I think it depends on how you segment the market. So we're certainly extending our position at all of the leading edges. We've talked about that multiple times. I think we've got plenty of data points there. Where we're certainly struggling is in China. And I think that's an area that the competition is taking advantage of. With the restrictions we have, we've talked about significant amount of orders, pending licenses. That's what we have in hand. There's also the dynamic where many of the second-tier suppliers prefer to work with a non-U.S. option, a non-American company as an option. So there's some low-hanging fruit that the competition is taking care of there. I think that that's a temporary dynamic. I believe that what we're seeing from the Commerce Department, what we're seeing from Gina and the communications, that there's a desire to find a way to work and not punish the U.S. equipment industry, which is so critical to the overall growth and success of SEMI over the last several decades, really. And so I think that that's going to turn around. But we're happy with where we are and how we've been gaining share at all the leading edge and critical devices and the specialty markets as well.
Thank you, Mike.
And we will take our next question. This will come from David Dooley with Steelhead Securities.
Hello, thanks for taking my question. Mike, I just want to clarify one of the statements you made earlier on. I think Craig was also asking about it. You mentioned the growth in the first half of the year versus the first half of last year, I think, was up 26%. And you made a reference how the second half growth would be stronger than the first half. Do you mean that the second half of this calendar year will be up more than 26% versus the second half of last year? Or just help me understand what you mean by stronger than up 26% in the first half.
Sorry, that's a good question. So what I meant is it'll be stronger than the revenue in the first half. So we see the second half as stronger than the first half of 2021. Okay.

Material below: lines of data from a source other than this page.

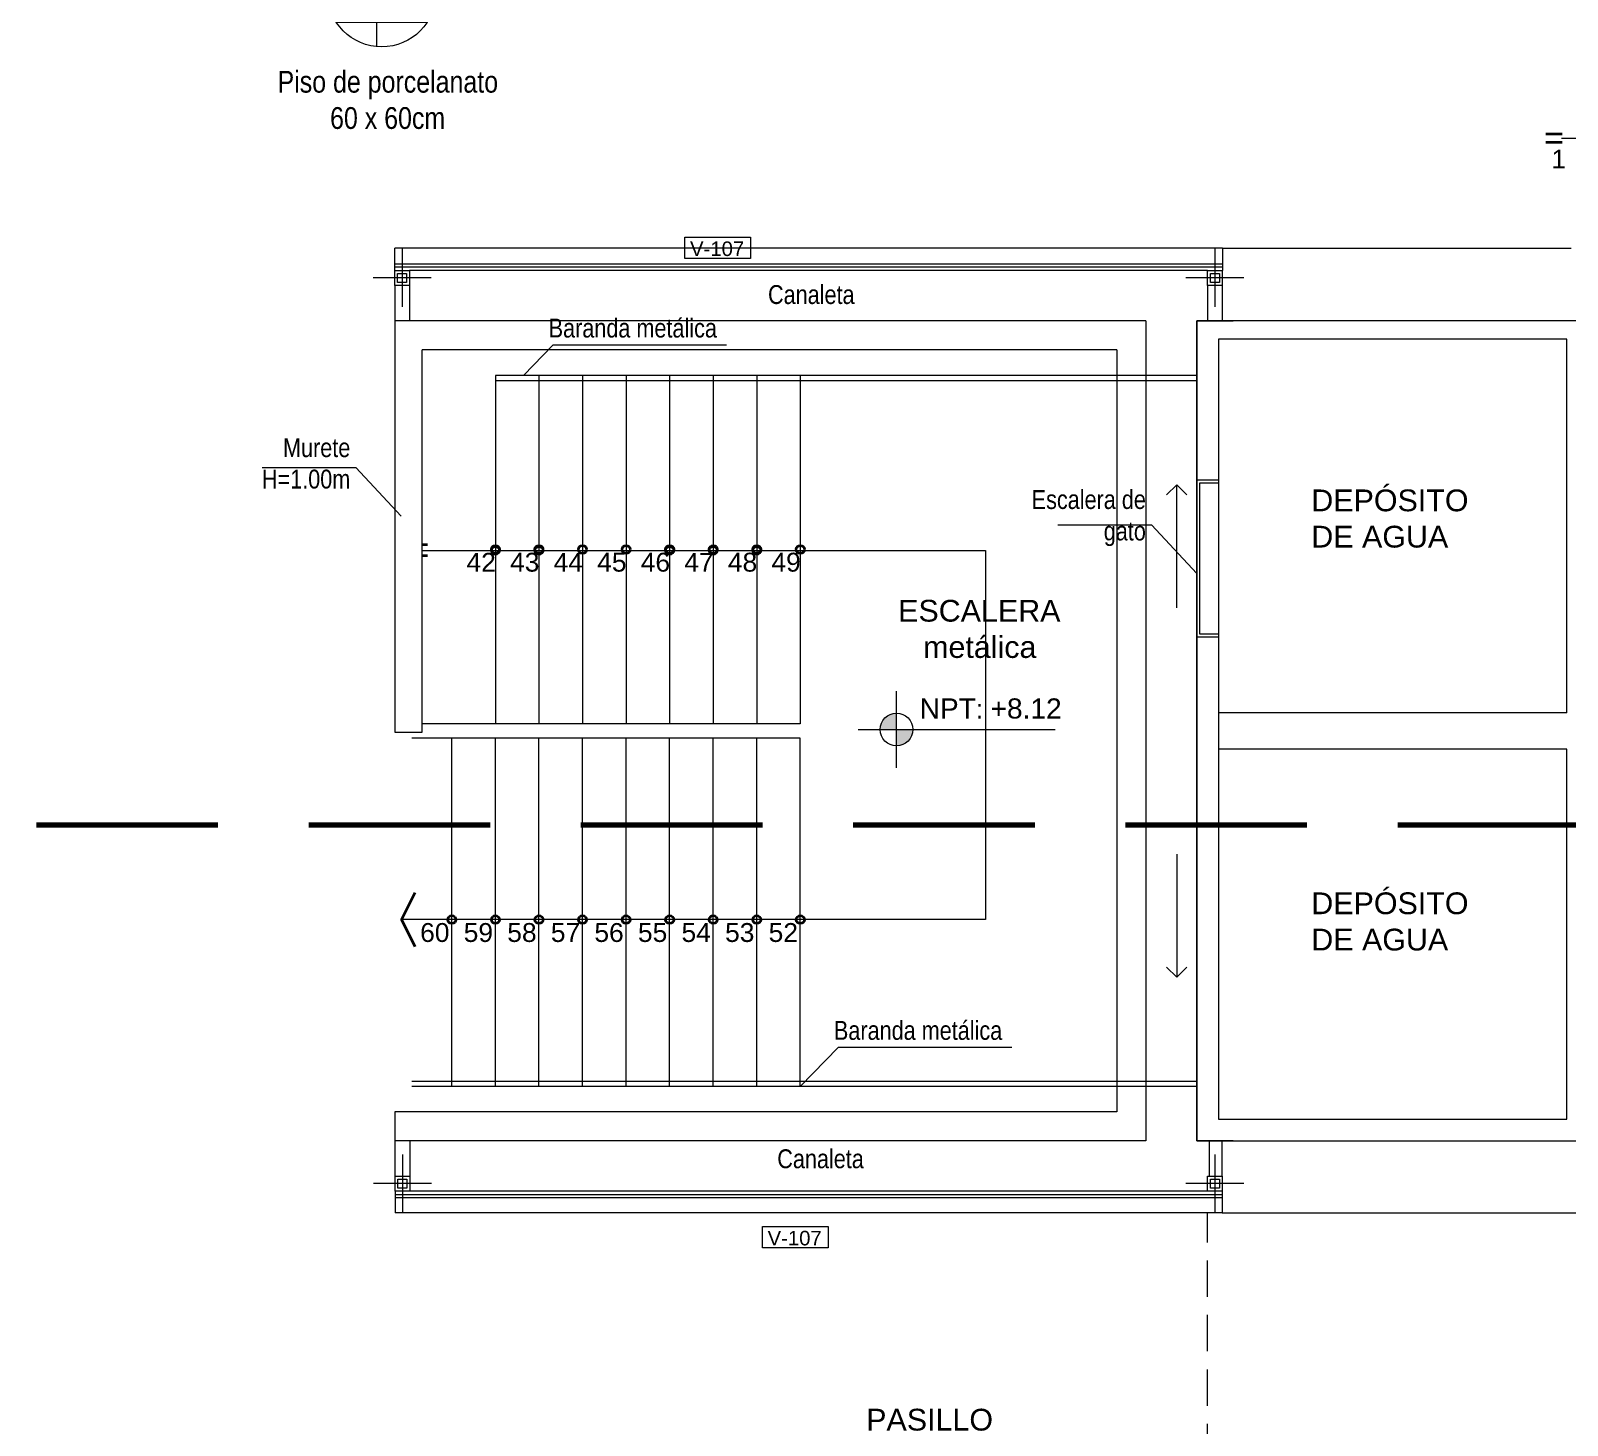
# Model space of a CAD drawing. Header units: inches. Extents: x 140 to 978, y -82 to 38.
# Drawn here: x 864.53 to 875.11, y 0.64 to 10.25 of the extents above; entities that cross this region are included whole.
import ezdxf

# ---------------------------------------------------------------- set-up
doc = ezdxf.new("R2010")
doc.units = ezdxf.units.IN
doc.header["$MEASUREMENT"] = 0
for name, pattern in [('ACAD_ISO04W100', [30.5, 24, -3, 0.5, -3]), ('DASHED', [0.75, 0.5, -0.25]), ('DASHED2', [0.375, 0.25, -0.125])]:
    doc.linetypes.add(name, pattern=pattern)
for name, color, linetype, lineweight in [('UNSAAC-COLUMNA', 24, 'Continuous', 0), ('UNSAAC-CORTE MURO', 42, 'Continuous', 35), ('UNSAAC-LINEA DE CORTE', 7, 'Continuous', 70), ('UNSAAC-LLAMADOS', 88, 'Continuous', 0), ('UNSAAC-MUEBLE', 254, 'Continuous', 0), ('UNSAAC-MURETE', 146, 'Continuous', 20), ('UNSAAC-PISOS', 253, 'Continuous', 0), ('UNSAAC-PROYECCIONES', 38, 'DASHED2', 0), ('UNSAAC-TEXTOS', 250, 'Continuous', 0), ('UNSAAC-VANOS', 24, 'Continuous', 0), ('UNSAAC-VARIOS', 30, 'Continuous', 0)]:
    doc.layers.add(name, color=color, linetype=linetype, lineweight=lineweight)
doc.styles.add('narrow', font='')
doc.styles.get("Standard").update_dxf_attribs({"font": 'arial.ttf'})
doc.styles.get('narrow').set_extended_font_data('Arial Narrow', italic=True)

# ---------------------------------------------------------------- blocks, each defined once
blk = doc.blocks.new('puzo')
at = {"layer": 'UNSAAC-PISOS'}
h = blk.add_hatch(dxfattribs=at)
h.set_pattern_fill('_USER', color=256, scale=0.3452850543121788, style=0, double=1, pattern_type=0)
h.set_pattern_definition([(0, (1324.068147049425, 3.747958097912292), (0, 0.3452850543121787), []), (90, (1324.068147049425, 3.747958097912292), (-0.3452850543121788, 2.114261182784148e-17), [])])
edge = h.paths.add_edge_path()
edge.add_arc((1324.205880251042, 3.902950040924726), 0.3753575559887786, 0, 360)
blk.add_circle((1324.205931168964, 3.903305219399844), 0.3750000000000604, dxfattribs=at)
at = {"layer": 'UNSAAC-TEXTOS', "insert": (1323.475897612018, 3.362436372597827), "char_height": 0.15, "width": 1.523970260132011, "attachment_point": 1, "style": 'narrow'}
blk.add_mtext('\\pi0.012394;{\\fArial Narrow|b0|i0|c0|p34;Piso de porcelanato \\P\\pi0.37414;60 x 60cm}', dxfattribs=at)
blk = doc.blocks.new('columna')
at = {"layer": 'UNSAAC-COLUMNA'}
for p, q in [((0, 0.2000000000000455), (0, -0.2000000000000455)), ((-1.13686837721616e-13, 0.2000000000000455), (0, -0.2000000000000455)), ((0.1999999999999318, 1.4210854715202e-13), (-0.2000000000001592, 1.4210854715202e-13)), ((0.2000000000000455, 2.842170943040401e-14), (-0.2000000000000455, 2.842170943040401e-14))]:
    blk.add_line(p, q, dxfattribs=at)
for points in [[(-0.05079999999998108, 0.0508000000000095), (0.05079999999998108, 0.0508000000000095), (0.05079999999998108, -0.05079999999998108), (-0.05079999999998108, -0.05079999999998108)], [(-0.03079999999999927, 0.03080000000001348), (0.03079999999999927, 0.03080000000001348), (0.03079999999999927, -0.03079999999998506), (-0.03079999999999927, -0.03079999999998506)]]:
    blk.add_lwpolyline(points, close=True, dxfattribs=at)
blk = doc.blocks.new('D')
at = {"layer": 'UNSAAC-COLUMNA'}
for p in [(1326.084154523222, 8.545136271436945), (1331.681866631722, 8.545136271436945), (1326.086468590389, 2.304970508315847), (1331.681866631722, 2.304970508315847)]:
    blk.add_blockref('columna', p, dxfattribs=at)

msp = doc.modelspace()

# ---------------------------------------------------------------- hatches: boundary and pattern name
at = {"layer": 'UNSAAC-TEXTOS'}
h = msp.add_hatch(color=0, dxfattribs=at)
h.dxf.hatch_style = 1
h.paths.add_polyline_path([(870.6018625165126, 5.433972629931432), (870.4893625165123, 5.433972629931432), (870.4893625165123, 5.321472629935077, 0.4142135623704376)])
h.paths.add_polyline_path([(870.4893625165123, 5.546472629927788, 0.4142135623704376), (870.376862516512, 5.433972629931432), (870.4893625165123, 5.433972629931432)])

# ---------------------------------------------------------------- linework, layer by layer
at = {"layer": 'UNSAAC-CORTE MURO'}
for p, q in [((875.0726492759836, 9.536200064166366), (874.9609626797762, 9.536200064166366)), ((875.0726492759836, 9.536200064166366), (874.9609626797762, 9.536200064166366)), ((875.0726492759836, 9.479272478710215), (874.9609626797762, 9.479272478710215)), ((875.0726492759836, 9.479272478710215), (874.9609626797762, 9.479272478710215))]:
    msp.add_line(p, q, dxfattribs=at)
at = {"layer": 'UNSAAC-CORTE MURO', "ltscale": 0.03}
for p, q in [((867.2233545232223, 6.707866976128706), (867.2586854015877, 6.707866976128706)), ((867.2233545232223, 6.631790631923558), (867.2586854015877, 6.631790631923558))]:
    msp.add_line(p, q, dxfattribs=at)
at = {"layer": 'UNSAAC-CORTE MURO'}
msp.add_lwpolyline([(867.1709709825345, 4.309716773657385), (867.0803862718672, 4.124136271439227), (867.1709709825344, 3.938555769221296)], dxfattribs=at)
for centre in [(867.7268666317184, 6.674136271439409), (867.7268666322107, 6.668014866969571), (868.0268666317186, 6.674136271439409), (868.0268666322108, 6.668014866969571), (868.326866632211, 6.67413645140789), (868.3268666317188, 6.674136271439409), (868.6268666322112, 6.67413645140789), (868.6268666317189, 6.674136107423408), (868.9268666317191, 6.674136271439409), (868.9268666322114, 6.668014866969571), (869.2268666317193, 6.674136096788459), (869.2268666322116, 6.668014866969571), (869.5268666317195, 6.674136271439409), (869.5268666322117, 6.668014866969571), (869.8268666322119, 6.67413645140789), (869.8268666317197, 6.674136271439409), (867.4268666322105, 4.124136451407708), (867.7268666322107, 4.124136451407708), (867.7268666322107, 4.124136500099112), (868.0268666322111, 4.124136451407708), (868.0268666322108, 4.124136500099112), (868.326866632211, 4.124136451407708), (868.326866632211, 4.124136500099112), (868.6268666322112, 4.124136451407708), (868.6268666322112, 4.124136500099112), (868.9268666322116, 4.124136451407708), (868.9268666322114, 4.124136500099112), (869.2268666322116, 4.124136451407708), (869.2268666322116, 4.124136500099056), (869.526866632212, 4.124136451407708), (869.5268666322117, 4.124136500099112), (869.8268666322119, 4.124136451407708), (869.8268666322119, 4.124136500099112)]:
    msp.add_circle(centre, 0.02777413581497967, dxfattribs=at)
at = {"layer": 'UNSAAC-LINEA DE CORTE', "linetype": 'DASHED', "ltscale": 2.5}
msp.add_line((832.6910961453636, 4.777380196337461), (892.0939311742964, 4.777380196337461), dxfattribs=at)
at = {"layer": 'UNSAAC-LLAMADOS', "ltscale": 2.5}
for points in [[(869.3181344801403, 8.081492283821598), (868.1225214345442, 8.081492283821598), (867.921252717284, 7.874136271439539)], [(866.1213158698749, 7.239804944413626), (866.7654987100104, 7.239804944413626), (867.077818660584, 6.904298889861947)], [(871.6003638410131, 6.844999526221238), (872.2445466811486, 6.844999526221238), (872.5568666317221, 6.509493471669558)], [(871.2827575180428, 3.242286115584015), (870.0871444724467, 3.242286115584015), (869.8268666317197, 2.974136271439107)]]:
    msp.add_lwpolyline(points, dxfattribs=at)
at = {"layer": 'UNSAAC-MUEBLE'}
for p, q in [((872.556866631722, 7.874136271439539), (867.7268666317182, 7.874136271439539)), ((867.7268666317184, 7.874136271439539), (867.7268666317184, 5.474136271439278)), ((872.556866631722, 7.83607172689598), (867.7268666317182, 7.83607172689598)), ((868.0268666317188, 7.874136271439539), (868.0268666317186, 5.474136271439278)), ((868.3268666317188, 7.874136271439539), (868.3268666317188, 5.474136271439278)), ((868.6268666317189, 7.874136271439539), (868.6268666317189, 5.474136271439278)), ((868.9268666317193, 7.874136271439539), (868.9268666317191, 5.474136271439278)), ((869.2268666317193, 7.874136271439539), (869.2268666317193, 5.474136271439278)), ((869.5268666317197, 7.874136271439539), (869.5268666317195, 5.474136271439278)), ((869.8268666317197, 7.874136271439539), (869.8268666317197, 5.474136271439278)), ((872.556866631722, 2.974136271439107), (872.556866631722, 7.874136271439539)), ((867.1507077632702, 5.414780494346218), (867.1507077632702, 5.414136271439332)), ((867.4268666317182, 2.974136271439107), (867.4268666317182, 5.374136271439369)), ((867.7268666317184, 2.974136271439107), (867.7268666317184, 5.374136271439369)), ((868.0268666317188, 2.974136271439107), (868.0268666317186, 5.374136271439369)), ((868.3268666317188, 2.974136271439107), (868.3268666317188, 5.374136271439369)), ((868.6268666317189, 2.974136271439107), (868.6268666317189, 5.374136271439369)), ((868.9268666317193, 2.974136271439107), (868.9268666317191, 5.374136271439369)), ((869.2268666317193, 2.974136271439107), (869.2268666317193, 5.374136271439369)), ((869.5268666317197, 2.974136271439107), (869.5268666317195, 5.374136271439369)), ((869.8268666317197, 2.974136271439107), (869.8268666317197, 5.374136271439369)), ((872.5568666317218, 3.009441016214296), (867.1507077632701, 3.009441016214296)), ((872.556866631722, 2.974136271439107), (867.1507077632702, 2.974136271439107))]:
    msp.add_line(p, q, dxfattribs=at)
at = {"layer": 'UNSAAC-MUEBLE', "ltscale": 2.5}
for points in [[(872.7068666317218, 7.152106523871296), (872.5568666317222, 7.152106523871303), (872.556866631722, 6.073628673081671), (872.7068666317218, 6.073628673081639)], [(872.7068666317218, 7.132106523871297), (872.5768666317222, 7.132106523871302), (872.5768666317219, 6.093628673081666), (872.7068666317218, 6.093628673081638)]]:
    msp.add_lwpolyline(points, dxfattribs=at)
at = {"layer": 'UNSAAC-MURETE'}
for p, q in [((867.0333545232222, 8.595936271437296), (867.0333545232222, 8.749514851972975)), ((872.7335071648108, 8.749514851972947), (872.7335071648108, 8.595936271437296)), ((872.6310666317222, 8.595936271437296), (867.1349545232231, 8.595936271438404)), ((867.0333545232222, 8.494336271437305), (867.0333545232222, 5.414780494346218)), ((867.1349545232222, 8.494336271437305), (867.1349545232222, 8.24913627143934)), ((872.2068666317218, 8.24913627143934), (867.0333545232222, 8.24913627143934)), ((872.2068666317218, 8.24913627143934), (872.206866631722, 2.599136271439363)), ((872.006866631722, 8.049136271439409), (867.2233545232223, 8.049136271439409)), ((867.2233545232223, 5.414780494346218), (867.2233545232223, 8.049136271439409)), ((872.006866631722, 8.049136271439409), (872.006866631722, 2.799136271439409)), ((875.1068666317224, 5.549136271439409), (872.7068666317218, 5.549136271439608)), ((867.0333545232222, 5.414780494346218), (867.2233545232223, 5.414780494346218)), ((875.1068666317224, 5.299136271439409), (872.7068666317218, 5.299136271439409)), ((872.006866631722, 2.799136271439409), (867.0333545232222, 2.799136271439352)), ((867.0333545232222, 2.799136271439352), (867.0333545232222, 2.355770508316198)), ((867.1372685903887, 2.599136271439363), (867.1372685903887, 2.355770508316198)), ((872.206866631722, 2.599136271439363), (867.2233545232223, 2.599136271439363)), ((867.0864685903884, 2.25417050831615), (867.0356685903885, 2.25417050831615)), ((867.0356685903887, 2.254170508316207), (867.0356685903887, 2.104170508316315)), ((872.6310666317222, 2.254170508316207), (867.1372685903887, 2.25417050831615)), ((872.7326666317222, 2.254170508316207), (872.7326666317222, 2.104170508316344)), ((872.7326666317222, 2.104170508316344), (867.0356685903887, 2.104170508316315))]:
    msp.add_line(p, q, dxfattribs=at)
at = {"layer": 'UNSAAC-MURETE', "linetype": 'ACAD_ISO04W100'}
msp.add_line((872.206866631722, 2.599136271439363), (867.0333545232222, 2.599136271439363), dxfattribs=at)
at = {"layer": 'UNSAAC-MURETE'}
for points in [[(872.7335071648108, 8.749514851972947), (871.3953116058988, 8.749514851973004), (867.0333545232222, 8.749514851972975)], [(875.2568666317225, 5.549136271439409), (875.2568666317227, 8.24913627143934), (872.5568666317222, 8.24913627143934), (872.556866631722, 2.599136271439363), (875.2568666317225, 2.599136271439363), (875.2568666317225, 5.299136271439409)], [(872.806866631722, 2.599136271439363), (872.556866631722, 2.599136271439363), (872.5568666317222, 8.24913627143934), (872.8068666317222, 8.24913627143934)], [(875.1068666317224, 5.549136271439409), (875.1068666317226, 8.124136271439738), (872.7068666317218, 8.124136271439738), (872.7068666317218, 2.74913627143934), (875.1068666317224, 2.74913627143934), (875.1068666317224, 5.299136271439409)]]:
    msp.add_lwpolyline(points, dxfattribs=at)
at = {"layer": 'UNSAAC-PISOS'}
msp.add_line((872.7335071648108, 8.749514851972947), (875.1347774308167, 8.74951485197289), dxfattribs=at)
at = {"layer": 'UNSAAC-PISOS', "ltscale": 2.5}
msp.add_line((872.7326666317222, 2.104170508316344), (875.1689666317225, 2.104170508316344), dxfattribs=at)
at = {"layer": 'UNSAAC-PROYECCIONES'}
msp.add_line((872.6310666317222, -2.225063728561139), (872.6310666317222, 2.104170508316344), dxfattribs=at)
at = {"layer": 'UNSAAC-TEXTOS'}
for p, q in [((872.4189668067092, 7.120569928223119), (872.349187576604, 7.050790698118021)), ((872.4189668067092, 6.272703043342119), (872.4189668067092, 7.120569928223119)), ((872.4189668067092, 7.120569928223119), (872.4887460368143, 7.050790698118021)), ((872.4189668067092, 4.575569499536584), (872.4189668067092, 3.727702614655584)), ((872.4189668067092, 3.727702614655584), (872.349187576604, 3.797481844760682)), ((872.4189668067092, 3.727702614655584), (872.4887460368143, 3.797481844760682))]:
    msp.add_line(p, q, dxfattribs=at)
at = {"layer": 'UNSAAC-TEXTOS', "color": 0}
for p, q in [((870.4893625165123, 5.169258458305728), (870.4893625165123, 5.698686801557137)), ((870.2246483448905, 5.433972629931432), (871.581934415419, 5.433972629931432))]:
    msp.add_line(p, q, dxfattribs=at)
at = {"layer": 'UNSAAC-TEXTOS'}
for points in [[(869.0315477168233, 8.825750478178279), (869.4843895141059, 8.825750478178279), (869.4843895141059, 8.679693004682676), (869.0315477168233, 8.679693004682676)], [(869.5657907193381, 2.008877207887352), (870.0186325166208, 2.008877207887352), (870.0186325166208, 1.862819734391749), (869.5657907193381, 1.862819734391749)]]:
    msp.add_lwpolyline(points, close=True, dxfattribs=at)
at = {"layer": 'UNSAAC-TEXTOS', "color": 0}
msp.add_circle((870.4893625165123, 5.433972629931432), 0.1125000000000014, dxfattribs=at)
at = {"layer": 'UNSAAC-VANOS'}
for p, q in [((875.0685879079001, 9.50773627143829), (875.2791566311531, 9.50773627143829)), ((875.0685879079001, 9.50773627143829), (875.2791566311531, 9.50773627143829)), ((867.0333545232222, 8.642736271437485), (872.7335071648108, 8.642736271437485)), ((867.0333545232222, 8.622736271437446), (872.7335071648108, 8.622736271437475)), ((867.0356685903887, 2.229136271439444), (869.754366631722, 2.229136271439444)), ((869.754366631722, 2.229136271439444), (872.7326666317224, 2.229136271439444)), ((872.6718666317222, 2.255473876495984), (872.6718666317222, 2.24967707521887)), ((872.6918666317222, 2.255473876495984), (872.6918666317222, 2.24967707521887)), ((867.0356685903887, 2.209136271439462), (869.754366631722, 2.209136271439462)), ((869.754366631722, 2.209136271439462), (872.7326666317224, 2.209136271439462))]:
    msp.add_line(p, q, dxfattribs=at)
for points in [[(867.2233545232223, 6.66801468700109), (871.102964216813, 6.66801468700109), (871.1029642168132, 4.124136271439227), (867.0803862718672, 4.124136271439227), (867.0803862718672, 4.124136271439227)], [(869.8268666317188, 5.47413627143905), (867.2233545232223, 5.47413627143905)], [(869.8268666317197, 5.374136271439369), (867.1507077632702, 5.374136271439369)]]:
    msp.add_lwpolyline(points, dxfattribs=at)
at = {"layer": 'UNSAAC-VARIOS'}
for p, q in [((872.6310666317222, 8.494336271437305), (872.6310666317222, 8.249136271439653)), ((872.7326666317222, 8.494336271437305), (872.7326666317222, 8.24913627143934)), ((872.6447666317222, 2.357073876496656), (872.6447666317222, 2.599136271439363)), ((872.7326666317222, 2.357073876496344), (872.7326666317222, 2.599136271439363))]:
    msp.add_line(p, q, dxfattribs=at)

# ---------------------------------------------------------------- block references
at = {"layer": 'UNSAAC-CORTE MURO'}
msp.add_blockref('puzo', (-457.261674192501, 6.609749601259935), dxfattribs=at)
at = {"layer": 'UNSAAC-TEXTOS'}
msp.add_blockref('D', (-459, 3.410605131648481e-13), dxfattribs=at)

# ---------------------------------------------------------------- texts
at = {"layer": 'UNSAAC-LLAMADOS', "char_height": 0.13, "style": 'narrow'}
for s, insert, width, attachment_point in [('\\pi0.28513;{\\fArial Narrow|b0|i0|c0|p34;Canaleta}', (869.3193493818378, 8.4959031788025), 1.152686518853067, 1), ('\\pi0.0056202;{\\fArial Narrow|b0|i0|c0|p34;Baranda metálica}', (868.0881306141722, 8.265073113993362), 1.152686518853067, 1), ('{\\fArial Narrow|b0|i0|c0|p34;Murete H=1.00m}', (866.7275270143823, 7.092422344170101), 0.8580480216040418, 9), ('{\\fArial Narrow|b0|i0|c0|p34;Escalera de gato}', (872.2065749855204, 6.697616925977713), 0.8580480216040418, 9), ('\\pi0.0056202;{\\fArial Narrow|b0|i0|c0|p34;Baranda metálica}', (870.0527536520747, 3.425866945755779), 1.152686518853067, 1), ('\\pi0.28513;{\\fArial Narrow|b0|i0|c0|p34;Canaleta}', (869.3830968515929, 2.541276578983279), 1.152686518853067, 1)]:
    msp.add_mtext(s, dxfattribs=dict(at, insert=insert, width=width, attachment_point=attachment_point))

And as far as, you know, when you look at your, you know, I guess front end wafer business and metrology business, you know, is it kind of, you know, we've heard, from the big wafer fab equipment companies that, you know, the market's going somewhere around 30% in calendar 2021. Do you think your metrology business will grow at a faster rate or a slower rate than that?
Uh,
I think we're growing around that rate. I think there's opportunities for us to grow faster. It depends on timing of some of the adoptions of the new products we've talked about. Certainly, we're seeing some activity in the 3D NAND, which could drive accelerations in aspect, our channel homotrology. that we, you know, right now we're not seeing a huge impact in this year, more for next year. That could pull in and that could change. But I think right now that's a, you know, the 30% number is reasonable.
Okay, excuse me.
And then I think generally people have talked about unit volume growth of 12 or 14% this calendar year. and I suspect that that will continue given all the big wafer fab equipment investments we're seeing. If 12% or 14% is kind of the unit volume growth, what would you expect kind of annual growth to be for your back-end business?
Well, last year our back-end business grew over 20%, and we think it's going to continue at those kinds of levels. Back-end, what we're seeing for demand for our advanced, You know, the advanced equipment is, you know, it's pretty strong. And it's driven by a lot of different products, but also by those top IDMs that are migrating and now competing on the advances they're making in packaging. And you can hear it from nearly all of them. TSMC has talked about it. Intel has talked about it. Samsung has talked about it. So, you know, that's helping to propel this forward. you know, massive transition or demand we see for our advanced systems. And, you know, part of the advanced systems isn't just can we see the defect and measure it. It's also what do we do with that data. And customers want fast decisions. They want that actionable intelligence that they can make adjustments to the process right away. And that's what we're providing and have been providing to the automotive industry for, you know, better part of a decade. And now that whole value proposition is resonating very well with the advances in the high-end here and more traditional semiconductor.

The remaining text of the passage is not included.